Well, I see no other problems here, so that's all I can suggest. You may have one of the settings wrong, because everything else seems fine....

I would also like to see the Windows Record Mixer and the Playback Mixer picture.

They should look like this:


*Record Mixer*









*Playback Mixer*
Note the line-in muted in playback. That says monitor is off.











brucek


----------



## jtwrace (Apr 8, 2007)

This is with the higher sample rate.

Now I get a low level when I press measure on the actual test screen. Meaning, measure, check levels that's when I get it...from the upper left hand corner measure button.


----------



## brucek (Apr 11, 2006)

> This is with the higher sample rate.


That looks fine now.. - save it.



> Now I get a low level when I press measure on the actual test screen


You have to go through the Check Levels routine before you press the main measure button.

brucek


----------



## jtwrace (Apr 8, 2007)

brucek said:


> That looks fine now.. - save it.
> 
> 
> You have to go through the Check Levels routine before you press the main measure button.
> ...


I got it saved.

OK. I think I got that.. Can I run the SPL into the soundcard 1/8" Y to stereo RCA? Then RCA (stereo) out to my preamp so I can measure the both front speakers and both subs?


----------



## brucek (Apr 11, 2006)

Yep, you're good to go.

Don't forget to load the SPL meter cal file from the download page into REW....

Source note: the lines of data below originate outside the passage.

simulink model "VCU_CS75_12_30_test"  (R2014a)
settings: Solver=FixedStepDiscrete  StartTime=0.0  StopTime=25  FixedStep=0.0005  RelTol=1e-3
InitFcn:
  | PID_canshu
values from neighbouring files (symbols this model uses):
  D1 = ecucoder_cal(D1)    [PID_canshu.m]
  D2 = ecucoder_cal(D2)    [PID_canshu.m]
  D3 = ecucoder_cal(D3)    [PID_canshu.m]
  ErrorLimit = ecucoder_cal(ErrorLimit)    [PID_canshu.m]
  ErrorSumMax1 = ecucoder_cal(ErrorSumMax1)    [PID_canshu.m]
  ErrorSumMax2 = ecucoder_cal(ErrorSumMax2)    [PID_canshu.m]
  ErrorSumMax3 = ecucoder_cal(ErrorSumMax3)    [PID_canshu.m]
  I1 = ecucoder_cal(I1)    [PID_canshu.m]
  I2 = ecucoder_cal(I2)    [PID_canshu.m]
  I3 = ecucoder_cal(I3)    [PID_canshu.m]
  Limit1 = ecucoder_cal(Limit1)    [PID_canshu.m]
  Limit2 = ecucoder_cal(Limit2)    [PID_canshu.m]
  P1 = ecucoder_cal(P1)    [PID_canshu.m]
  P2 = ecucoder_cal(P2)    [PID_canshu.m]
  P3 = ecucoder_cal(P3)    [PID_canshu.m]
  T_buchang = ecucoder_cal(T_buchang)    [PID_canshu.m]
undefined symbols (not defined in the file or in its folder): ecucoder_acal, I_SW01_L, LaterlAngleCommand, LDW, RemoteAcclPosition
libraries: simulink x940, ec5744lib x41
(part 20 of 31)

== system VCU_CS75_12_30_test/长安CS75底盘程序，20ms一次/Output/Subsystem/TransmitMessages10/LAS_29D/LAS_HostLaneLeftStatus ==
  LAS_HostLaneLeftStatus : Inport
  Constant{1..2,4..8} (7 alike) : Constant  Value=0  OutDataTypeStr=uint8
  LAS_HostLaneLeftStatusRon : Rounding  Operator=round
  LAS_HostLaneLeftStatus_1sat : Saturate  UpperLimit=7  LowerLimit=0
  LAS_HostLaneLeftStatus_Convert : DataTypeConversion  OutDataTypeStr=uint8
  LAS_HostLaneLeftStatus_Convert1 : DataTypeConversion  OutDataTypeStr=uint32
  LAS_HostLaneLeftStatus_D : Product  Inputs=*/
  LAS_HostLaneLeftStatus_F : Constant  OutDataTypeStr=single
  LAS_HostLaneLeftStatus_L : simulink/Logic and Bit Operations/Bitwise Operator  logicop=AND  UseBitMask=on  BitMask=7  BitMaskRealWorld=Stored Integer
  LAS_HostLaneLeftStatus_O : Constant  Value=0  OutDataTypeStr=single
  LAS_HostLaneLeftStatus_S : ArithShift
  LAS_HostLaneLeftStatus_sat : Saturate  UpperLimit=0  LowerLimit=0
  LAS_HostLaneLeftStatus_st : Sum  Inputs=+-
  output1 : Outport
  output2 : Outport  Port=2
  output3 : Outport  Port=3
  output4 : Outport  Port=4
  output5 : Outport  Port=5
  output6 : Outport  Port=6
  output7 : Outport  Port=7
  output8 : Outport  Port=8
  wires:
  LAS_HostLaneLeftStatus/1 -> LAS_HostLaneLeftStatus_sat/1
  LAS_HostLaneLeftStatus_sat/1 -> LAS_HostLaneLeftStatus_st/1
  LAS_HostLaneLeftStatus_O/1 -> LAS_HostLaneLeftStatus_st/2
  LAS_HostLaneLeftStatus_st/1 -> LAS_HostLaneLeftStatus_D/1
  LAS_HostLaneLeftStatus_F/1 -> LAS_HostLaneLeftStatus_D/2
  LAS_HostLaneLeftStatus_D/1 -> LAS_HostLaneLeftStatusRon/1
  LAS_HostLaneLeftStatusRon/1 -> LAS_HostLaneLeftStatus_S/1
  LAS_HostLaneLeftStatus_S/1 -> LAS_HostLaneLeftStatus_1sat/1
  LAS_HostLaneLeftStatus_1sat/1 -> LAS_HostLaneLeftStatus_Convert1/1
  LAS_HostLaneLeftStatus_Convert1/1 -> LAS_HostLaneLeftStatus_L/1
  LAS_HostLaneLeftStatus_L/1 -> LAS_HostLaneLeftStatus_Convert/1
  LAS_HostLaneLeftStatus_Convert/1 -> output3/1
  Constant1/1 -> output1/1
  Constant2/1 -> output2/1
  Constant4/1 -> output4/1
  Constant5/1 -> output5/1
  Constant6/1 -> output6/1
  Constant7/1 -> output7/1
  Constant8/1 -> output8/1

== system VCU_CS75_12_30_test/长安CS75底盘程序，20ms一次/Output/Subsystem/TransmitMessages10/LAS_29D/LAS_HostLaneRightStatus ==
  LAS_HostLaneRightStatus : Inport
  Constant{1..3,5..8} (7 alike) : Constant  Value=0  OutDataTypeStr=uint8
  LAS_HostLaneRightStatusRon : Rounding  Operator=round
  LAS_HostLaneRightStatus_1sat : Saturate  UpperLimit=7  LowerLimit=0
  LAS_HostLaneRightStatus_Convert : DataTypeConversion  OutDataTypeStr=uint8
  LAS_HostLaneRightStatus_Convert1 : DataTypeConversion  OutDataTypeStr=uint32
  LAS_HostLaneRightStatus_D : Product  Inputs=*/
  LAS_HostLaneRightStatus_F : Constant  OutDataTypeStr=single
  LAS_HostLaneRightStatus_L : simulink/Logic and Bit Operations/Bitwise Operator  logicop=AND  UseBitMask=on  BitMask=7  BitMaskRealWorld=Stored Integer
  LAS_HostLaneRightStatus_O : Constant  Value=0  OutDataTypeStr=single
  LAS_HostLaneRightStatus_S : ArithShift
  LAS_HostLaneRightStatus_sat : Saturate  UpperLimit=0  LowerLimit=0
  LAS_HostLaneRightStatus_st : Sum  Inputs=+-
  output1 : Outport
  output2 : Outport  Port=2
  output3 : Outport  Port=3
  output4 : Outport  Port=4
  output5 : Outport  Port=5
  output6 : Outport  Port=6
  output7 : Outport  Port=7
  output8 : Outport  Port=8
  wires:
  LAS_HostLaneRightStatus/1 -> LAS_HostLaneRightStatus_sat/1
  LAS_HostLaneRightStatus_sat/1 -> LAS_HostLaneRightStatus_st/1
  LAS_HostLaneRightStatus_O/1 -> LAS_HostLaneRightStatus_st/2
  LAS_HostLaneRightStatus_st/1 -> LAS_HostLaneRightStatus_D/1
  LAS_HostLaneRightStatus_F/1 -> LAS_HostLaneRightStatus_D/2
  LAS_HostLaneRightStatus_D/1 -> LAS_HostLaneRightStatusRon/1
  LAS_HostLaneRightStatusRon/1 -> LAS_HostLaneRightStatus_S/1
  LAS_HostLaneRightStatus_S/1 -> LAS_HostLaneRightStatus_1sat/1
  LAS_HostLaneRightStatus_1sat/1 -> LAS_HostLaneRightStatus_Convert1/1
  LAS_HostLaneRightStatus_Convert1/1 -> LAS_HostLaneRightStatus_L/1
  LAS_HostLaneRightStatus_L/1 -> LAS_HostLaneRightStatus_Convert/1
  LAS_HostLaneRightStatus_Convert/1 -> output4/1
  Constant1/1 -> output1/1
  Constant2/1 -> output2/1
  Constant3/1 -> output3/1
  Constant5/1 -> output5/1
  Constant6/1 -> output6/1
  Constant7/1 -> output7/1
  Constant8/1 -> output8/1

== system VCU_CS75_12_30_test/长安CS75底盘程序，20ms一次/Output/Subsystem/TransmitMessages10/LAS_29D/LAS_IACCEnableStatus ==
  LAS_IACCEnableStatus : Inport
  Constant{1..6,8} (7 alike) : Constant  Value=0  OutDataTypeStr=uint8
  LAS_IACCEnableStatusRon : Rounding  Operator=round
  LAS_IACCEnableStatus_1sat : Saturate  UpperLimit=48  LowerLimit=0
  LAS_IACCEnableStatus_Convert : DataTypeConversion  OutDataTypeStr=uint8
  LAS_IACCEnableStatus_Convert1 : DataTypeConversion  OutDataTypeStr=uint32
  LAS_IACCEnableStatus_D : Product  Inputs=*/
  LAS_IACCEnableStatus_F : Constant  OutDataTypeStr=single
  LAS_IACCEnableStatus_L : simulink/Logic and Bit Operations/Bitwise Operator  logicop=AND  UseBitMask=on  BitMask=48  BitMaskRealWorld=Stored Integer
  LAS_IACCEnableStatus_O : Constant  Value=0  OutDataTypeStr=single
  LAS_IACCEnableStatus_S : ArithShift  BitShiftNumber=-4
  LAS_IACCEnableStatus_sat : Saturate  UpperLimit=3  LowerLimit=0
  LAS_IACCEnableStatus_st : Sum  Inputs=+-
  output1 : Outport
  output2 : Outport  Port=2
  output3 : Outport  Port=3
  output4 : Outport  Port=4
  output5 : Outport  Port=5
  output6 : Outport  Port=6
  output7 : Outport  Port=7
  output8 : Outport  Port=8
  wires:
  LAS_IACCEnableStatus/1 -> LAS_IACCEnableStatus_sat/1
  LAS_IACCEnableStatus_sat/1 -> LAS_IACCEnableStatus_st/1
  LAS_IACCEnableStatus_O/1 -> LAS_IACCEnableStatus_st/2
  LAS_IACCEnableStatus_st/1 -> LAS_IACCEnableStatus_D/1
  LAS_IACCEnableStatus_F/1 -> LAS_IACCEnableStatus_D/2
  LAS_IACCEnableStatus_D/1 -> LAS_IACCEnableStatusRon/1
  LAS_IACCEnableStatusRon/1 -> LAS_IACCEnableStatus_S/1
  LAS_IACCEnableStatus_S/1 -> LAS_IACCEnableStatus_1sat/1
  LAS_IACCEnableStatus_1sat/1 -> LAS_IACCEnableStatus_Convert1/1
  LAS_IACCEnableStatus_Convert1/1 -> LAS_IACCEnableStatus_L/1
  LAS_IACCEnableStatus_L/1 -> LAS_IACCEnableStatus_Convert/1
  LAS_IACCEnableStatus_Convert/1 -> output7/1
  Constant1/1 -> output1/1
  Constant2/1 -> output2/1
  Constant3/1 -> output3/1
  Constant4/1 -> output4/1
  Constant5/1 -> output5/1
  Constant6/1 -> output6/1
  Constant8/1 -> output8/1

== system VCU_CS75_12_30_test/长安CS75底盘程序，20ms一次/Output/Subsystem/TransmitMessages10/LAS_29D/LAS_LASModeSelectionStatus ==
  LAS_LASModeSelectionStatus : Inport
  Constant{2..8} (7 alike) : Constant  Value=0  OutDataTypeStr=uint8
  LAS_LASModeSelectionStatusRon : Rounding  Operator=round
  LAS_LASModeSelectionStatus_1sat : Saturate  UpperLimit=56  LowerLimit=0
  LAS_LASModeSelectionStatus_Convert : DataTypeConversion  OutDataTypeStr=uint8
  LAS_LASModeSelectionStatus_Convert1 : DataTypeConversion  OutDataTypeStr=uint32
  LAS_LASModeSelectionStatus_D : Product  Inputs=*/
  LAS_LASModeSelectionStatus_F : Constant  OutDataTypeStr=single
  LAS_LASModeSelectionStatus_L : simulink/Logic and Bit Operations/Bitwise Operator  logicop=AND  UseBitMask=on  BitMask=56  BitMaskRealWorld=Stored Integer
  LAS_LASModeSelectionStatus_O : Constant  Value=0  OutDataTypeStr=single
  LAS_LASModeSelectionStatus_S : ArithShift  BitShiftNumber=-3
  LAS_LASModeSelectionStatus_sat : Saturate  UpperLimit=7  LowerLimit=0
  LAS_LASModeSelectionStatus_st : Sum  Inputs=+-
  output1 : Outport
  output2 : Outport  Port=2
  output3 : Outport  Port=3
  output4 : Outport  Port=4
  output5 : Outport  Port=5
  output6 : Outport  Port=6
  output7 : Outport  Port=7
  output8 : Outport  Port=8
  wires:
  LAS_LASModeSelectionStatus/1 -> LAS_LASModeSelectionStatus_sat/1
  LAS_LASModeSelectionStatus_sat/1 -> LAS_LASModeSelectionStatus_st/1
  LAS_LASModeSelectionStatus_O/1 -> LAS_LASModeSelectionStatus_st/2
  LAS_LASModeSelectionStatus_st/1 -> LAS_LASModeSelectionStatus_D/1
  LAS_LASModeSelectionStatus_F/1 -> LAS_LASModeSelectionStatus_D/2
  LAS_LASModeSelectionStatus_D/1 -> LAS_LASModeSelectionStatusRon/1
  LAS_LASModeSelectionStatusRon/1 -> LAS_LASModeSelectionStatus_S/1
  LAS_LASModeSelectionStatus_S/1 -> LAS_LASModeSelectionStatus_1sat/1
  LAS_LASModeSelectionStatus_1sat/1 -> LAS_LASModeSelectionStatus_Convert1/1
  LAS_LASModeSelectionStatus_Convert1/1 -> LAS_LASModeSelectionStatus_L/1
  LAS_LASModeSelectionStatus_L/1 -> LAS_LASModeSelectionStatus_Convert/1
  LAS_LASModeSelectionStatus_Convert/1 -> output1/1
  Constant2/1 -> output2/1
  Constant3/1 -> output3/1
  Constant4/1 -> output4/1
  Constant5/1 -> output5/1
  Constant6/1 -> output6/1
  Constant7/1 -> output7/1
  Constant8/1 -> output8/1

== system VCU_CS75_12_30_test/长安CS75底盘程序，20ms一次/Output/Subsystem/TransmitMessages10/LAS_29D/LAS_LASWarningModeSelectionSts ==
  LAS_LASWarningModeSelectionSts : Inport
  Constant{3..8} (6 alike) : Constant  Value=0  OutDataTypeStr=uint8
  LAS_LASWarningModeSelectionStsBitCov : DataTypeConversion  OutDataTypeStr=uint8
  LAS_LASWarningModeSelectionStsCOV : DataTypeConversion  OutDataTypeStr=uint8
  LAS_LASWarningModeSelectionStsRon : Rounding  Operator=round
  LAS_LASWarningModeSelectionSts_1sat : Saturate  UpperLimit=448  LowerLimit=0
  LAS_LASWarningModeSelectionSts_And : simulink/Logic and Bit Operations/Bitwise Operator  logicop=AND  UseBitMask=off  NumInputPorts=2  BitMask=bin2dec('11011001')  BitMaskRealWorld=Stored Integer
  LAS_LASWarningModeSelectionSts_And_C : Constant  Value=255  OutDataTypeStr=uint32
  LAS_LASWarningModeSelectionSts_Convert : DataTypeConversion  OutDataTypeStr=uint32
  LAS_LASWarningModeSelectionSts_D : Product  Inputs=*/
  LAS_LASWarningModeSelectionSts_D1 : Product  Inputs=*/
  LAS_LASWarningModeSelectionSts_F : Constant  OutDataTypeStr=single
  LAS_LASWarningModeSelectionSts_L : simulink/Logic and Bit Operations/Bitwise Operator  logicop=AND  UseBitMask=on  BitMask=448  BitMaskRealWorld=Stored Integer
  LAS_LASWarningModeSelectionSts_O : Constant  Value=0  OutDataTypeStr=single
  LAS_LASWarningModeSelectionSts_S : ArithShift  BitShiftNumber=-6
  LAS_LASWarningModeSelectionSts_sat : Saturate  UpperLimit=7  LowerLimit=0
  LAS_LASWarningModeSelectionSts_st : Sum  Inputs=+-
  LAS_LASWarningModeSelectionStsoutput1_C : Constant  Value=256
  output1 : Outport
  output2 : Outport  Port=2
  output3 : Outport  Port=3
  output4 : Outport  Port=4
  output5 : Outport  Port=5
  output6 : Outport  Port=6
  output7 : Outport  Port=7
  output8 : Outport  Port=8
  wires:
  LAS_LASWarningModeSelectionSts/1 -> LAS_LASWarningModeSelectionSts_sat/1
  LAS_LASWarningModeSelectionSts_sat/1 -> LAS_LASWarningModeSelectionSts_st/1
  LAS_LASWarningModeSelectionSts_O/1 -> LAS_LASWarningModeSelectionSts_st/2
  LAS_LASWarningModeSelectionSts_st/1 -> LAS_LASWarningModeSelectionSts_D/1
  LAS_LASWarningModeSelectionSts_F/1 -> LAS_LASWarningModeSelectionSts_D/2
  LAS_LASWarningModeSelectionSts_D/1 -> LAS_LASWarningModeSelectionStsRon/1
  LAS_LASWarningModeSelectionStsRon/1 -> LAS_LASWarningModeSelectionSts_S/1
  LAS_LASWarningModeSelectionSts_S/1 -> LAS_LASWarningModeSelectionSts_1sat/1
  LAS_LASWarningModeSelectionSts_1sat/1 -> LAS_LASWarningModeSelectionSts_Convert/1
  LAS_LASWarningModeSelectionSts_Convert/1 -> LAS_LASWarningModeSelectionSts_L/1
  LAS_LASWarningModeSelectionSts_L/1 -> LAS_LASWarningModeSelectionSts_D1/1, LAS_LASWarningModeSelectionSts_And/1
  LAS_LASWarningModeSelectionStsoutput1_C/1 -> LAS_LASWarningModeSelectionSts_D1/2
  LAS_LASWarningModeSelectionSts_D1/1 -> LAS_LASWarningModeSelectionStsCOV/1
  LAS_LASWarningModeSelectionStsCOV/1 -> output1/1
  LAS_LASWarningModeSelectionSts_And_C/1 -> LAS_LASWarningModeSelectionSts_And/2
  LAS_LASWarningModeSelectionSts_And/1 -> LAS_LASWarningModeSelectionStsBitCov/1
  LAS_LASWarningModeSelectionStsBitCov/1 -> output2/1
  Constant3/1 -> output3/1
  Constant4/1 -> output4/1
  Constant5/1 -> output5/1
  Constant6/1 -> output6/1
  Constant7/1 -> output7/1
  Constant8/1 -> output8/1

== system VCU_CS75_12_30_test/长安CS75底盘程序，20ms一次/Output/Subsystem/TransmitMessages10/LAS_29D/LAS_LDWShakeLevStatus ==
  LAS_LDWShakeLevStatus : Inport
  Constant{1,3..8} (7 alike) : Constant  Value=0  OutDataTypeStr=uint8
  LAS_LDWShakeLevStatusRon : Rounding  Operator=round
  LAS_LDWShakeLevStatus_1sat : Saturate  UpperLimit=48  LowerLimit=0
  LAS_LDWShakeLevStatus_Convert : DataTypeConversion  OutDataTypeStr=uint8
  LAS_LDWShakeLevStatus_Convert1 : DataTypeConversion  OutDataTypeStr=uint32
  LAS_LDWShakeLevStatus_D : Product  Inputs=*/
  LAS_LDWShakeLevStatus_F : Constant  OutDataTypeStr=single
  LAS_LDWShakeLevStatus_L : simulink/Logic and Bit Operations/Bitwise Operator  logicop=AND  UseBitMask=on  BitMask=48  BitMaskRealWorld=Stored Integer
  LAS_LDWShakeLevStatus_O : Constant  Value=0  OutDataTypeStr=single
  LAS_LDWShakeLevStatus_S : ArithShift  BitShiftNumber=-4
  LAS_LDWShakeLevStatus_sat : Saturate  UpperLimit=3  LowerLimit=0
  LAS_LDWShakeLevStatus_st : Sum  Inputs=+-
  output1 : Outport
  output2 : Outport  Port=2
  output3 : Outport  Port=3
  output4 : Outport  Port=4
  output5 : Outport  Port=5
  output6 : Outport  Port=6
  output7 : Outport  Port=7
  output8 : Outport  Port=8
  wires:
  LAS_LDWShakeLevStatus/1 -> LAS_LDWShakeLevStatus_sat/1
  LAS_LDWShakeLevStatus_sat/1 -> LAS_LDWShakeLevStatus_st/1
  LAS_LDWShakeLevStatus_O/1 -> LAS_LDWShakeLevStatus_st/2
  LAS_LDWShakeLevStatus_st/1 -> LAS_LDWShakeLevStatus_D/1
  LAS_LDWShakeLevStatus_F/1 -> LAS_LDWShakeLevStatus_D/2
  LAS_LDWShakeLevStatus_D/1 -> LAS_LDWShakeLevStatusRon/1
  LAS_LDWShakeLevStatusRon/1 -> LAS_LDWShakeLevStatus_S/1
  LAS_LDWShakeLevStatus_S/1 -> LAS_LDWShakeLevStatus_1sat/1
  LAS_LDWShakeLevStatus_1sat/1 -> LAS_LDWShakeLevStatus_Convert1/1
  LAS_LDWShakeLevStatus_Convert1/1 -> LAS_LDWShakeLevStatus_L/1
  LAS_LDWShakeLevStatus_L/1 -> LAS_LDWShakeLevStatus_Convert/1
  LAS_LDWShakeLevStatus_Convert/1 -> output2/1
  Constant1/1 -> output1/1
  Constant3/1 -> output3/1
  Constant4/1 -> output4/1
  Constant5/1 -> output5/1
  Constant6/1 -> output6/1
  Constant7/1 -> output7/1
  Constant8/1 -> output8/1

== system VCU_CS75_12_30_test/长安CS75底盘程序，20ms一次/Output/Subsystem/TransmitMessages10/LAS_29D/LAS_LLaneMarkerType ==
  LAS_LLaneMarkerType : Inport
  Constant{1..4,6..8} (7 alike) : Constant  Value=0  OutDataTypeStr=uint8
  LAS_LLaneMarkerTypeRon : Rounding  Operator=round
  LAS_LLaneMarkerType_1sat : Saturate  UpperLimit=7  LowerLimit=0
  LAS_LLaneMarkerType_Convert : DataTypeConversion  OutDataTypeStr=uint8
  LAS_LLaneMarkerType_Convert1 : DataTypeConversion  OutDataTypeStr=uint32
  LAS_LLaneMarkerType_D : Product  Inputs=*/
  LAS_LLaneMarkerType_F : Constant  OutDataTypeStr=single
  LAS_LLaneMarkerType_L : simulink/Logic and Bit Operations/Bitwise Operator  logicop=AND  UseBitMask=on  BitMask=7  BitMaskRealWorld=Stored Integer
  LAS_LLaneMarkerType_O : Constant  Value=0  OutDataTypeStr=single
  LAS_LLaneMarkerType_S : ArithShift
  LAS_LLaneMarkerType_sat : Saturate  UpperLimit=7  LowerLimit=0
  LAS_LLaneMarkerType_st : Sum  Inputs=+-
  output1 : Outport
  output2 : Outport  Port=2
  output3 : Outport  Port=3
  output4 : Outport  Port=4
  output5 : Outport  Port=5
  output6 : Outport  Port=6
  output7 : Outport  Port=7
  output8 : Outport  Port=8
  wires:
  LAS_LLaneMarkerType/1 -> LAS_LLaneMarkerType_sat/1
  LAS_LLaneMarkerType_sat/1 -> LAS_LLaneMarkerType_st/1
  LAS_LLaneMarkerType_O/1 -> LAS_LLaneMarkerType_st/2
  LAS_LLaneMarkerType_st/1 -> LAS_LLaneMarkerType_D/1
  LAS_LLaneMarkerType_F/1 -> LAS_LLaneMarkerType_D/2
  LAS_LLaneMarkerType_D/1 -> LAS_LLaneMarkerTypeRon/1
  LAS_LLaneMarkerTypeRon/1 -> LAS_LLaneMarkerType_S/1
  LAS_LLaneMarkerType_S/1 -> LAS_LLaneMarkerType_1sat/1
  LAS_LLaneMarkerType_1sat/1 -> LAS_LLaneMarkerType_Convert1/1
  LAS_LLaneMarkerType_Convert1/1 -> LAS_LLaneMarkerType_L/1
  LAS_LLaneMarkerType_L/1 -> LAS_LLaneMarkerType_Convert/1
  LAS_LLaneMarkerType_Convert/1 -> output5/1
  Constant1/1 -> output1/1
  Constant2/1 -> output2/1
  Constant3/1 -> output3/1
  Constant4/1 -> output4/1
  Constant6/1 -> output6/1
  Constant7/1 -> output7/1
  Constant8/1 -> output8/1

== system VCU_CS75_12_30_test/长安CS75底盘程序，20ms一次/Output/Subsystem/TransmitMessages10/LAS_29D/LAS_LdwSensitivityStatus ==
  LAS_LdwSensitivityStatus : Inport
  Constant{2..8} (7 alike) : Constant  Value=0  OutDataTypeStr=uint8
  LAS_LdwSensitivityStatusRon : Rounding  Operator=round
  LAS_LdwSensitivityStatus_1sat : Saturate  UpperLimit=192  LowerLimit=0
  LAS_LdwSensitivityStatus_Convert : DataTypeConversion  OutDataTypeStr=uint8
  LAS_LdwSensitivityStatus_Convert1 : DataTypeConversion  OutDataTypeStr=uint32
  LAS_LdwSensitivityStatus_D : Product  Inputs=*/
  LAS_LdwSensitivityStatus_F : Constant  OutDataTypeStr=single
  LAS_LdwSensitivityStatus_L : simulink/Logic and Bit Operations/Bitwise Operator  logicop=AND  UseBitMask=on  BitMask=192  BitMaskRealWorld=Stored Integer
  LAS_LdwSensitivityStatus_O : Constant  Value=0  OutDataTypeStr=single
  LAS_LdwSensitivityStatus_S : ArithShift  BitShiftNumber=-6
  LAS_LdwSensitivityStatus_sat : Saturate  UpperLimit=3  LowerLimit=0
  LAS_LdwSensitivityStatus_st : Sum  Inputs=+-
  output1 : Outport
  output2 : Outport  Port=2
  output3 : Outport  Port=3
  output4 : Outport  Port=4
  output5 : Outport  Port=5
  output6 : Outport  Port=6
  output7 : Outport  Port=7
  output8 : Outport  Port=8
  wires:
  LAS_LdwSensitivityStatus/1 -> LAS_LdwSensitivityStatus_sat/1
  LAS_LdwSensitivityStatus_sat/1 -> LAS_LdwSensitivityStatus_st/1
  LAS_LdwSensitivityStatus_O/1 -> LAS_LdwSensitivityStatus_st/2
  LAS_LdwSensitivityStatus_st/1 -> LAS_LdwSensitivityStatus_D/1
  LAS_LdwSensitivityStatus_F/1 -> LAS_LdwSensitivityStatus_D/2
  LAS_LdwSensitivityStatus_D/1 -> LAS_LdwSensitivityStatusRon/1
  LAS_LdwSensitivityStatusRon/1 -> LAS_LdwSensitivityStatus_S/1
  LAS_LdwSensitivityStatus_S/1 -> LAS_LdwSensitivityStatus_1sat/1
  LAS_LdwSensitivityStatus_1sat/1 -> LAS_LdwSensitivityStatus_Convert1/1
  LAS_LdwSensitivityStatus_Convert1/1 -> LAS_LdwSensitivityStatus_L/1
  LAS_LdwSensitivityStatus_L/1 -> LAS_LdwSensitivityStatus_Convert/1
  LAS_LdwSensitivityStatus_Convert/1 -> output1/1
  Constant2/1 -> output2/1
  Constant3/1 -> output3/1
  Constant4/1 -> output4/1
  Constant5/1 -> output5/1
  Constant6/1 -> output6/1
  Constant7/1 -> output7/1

Generally, people take the right line-out by itself and Y-split it to the left and right AUX or CD input to the receiver..

brucek


----------



## jtwrace (Apr 8, 2007)

brucek said:


> Don't forget to load the SPL meter cal file from the download page into REW....
> 
> brucek



hmm. never read that in the hundreds of lines I've read...


----------



## brucek (Apr 11, 2006)

Find your type of RS meter on the download Page and save it in your computer and then load it into REW Settings page mic\meter tab cal file slot....


----------



## jtwrace (Apr 8, 2007)

brucek said:


> Find your type of RS meter on the download Page and save it in your computer and then load it into REW Settings page mic\meter tab cal file slot....


OK. got that downloaded. Now I still get a low level when I try to do the real measure check level. If I go back to the check levels under settings I can't get enough L&R on the meter. I'm out of input volume to make them go higher.


----------



## brucek (Apr 11, 2006)

When you go through the Check Levels routine, do you set the level of your receiver to get 75dbSPL at the listening position?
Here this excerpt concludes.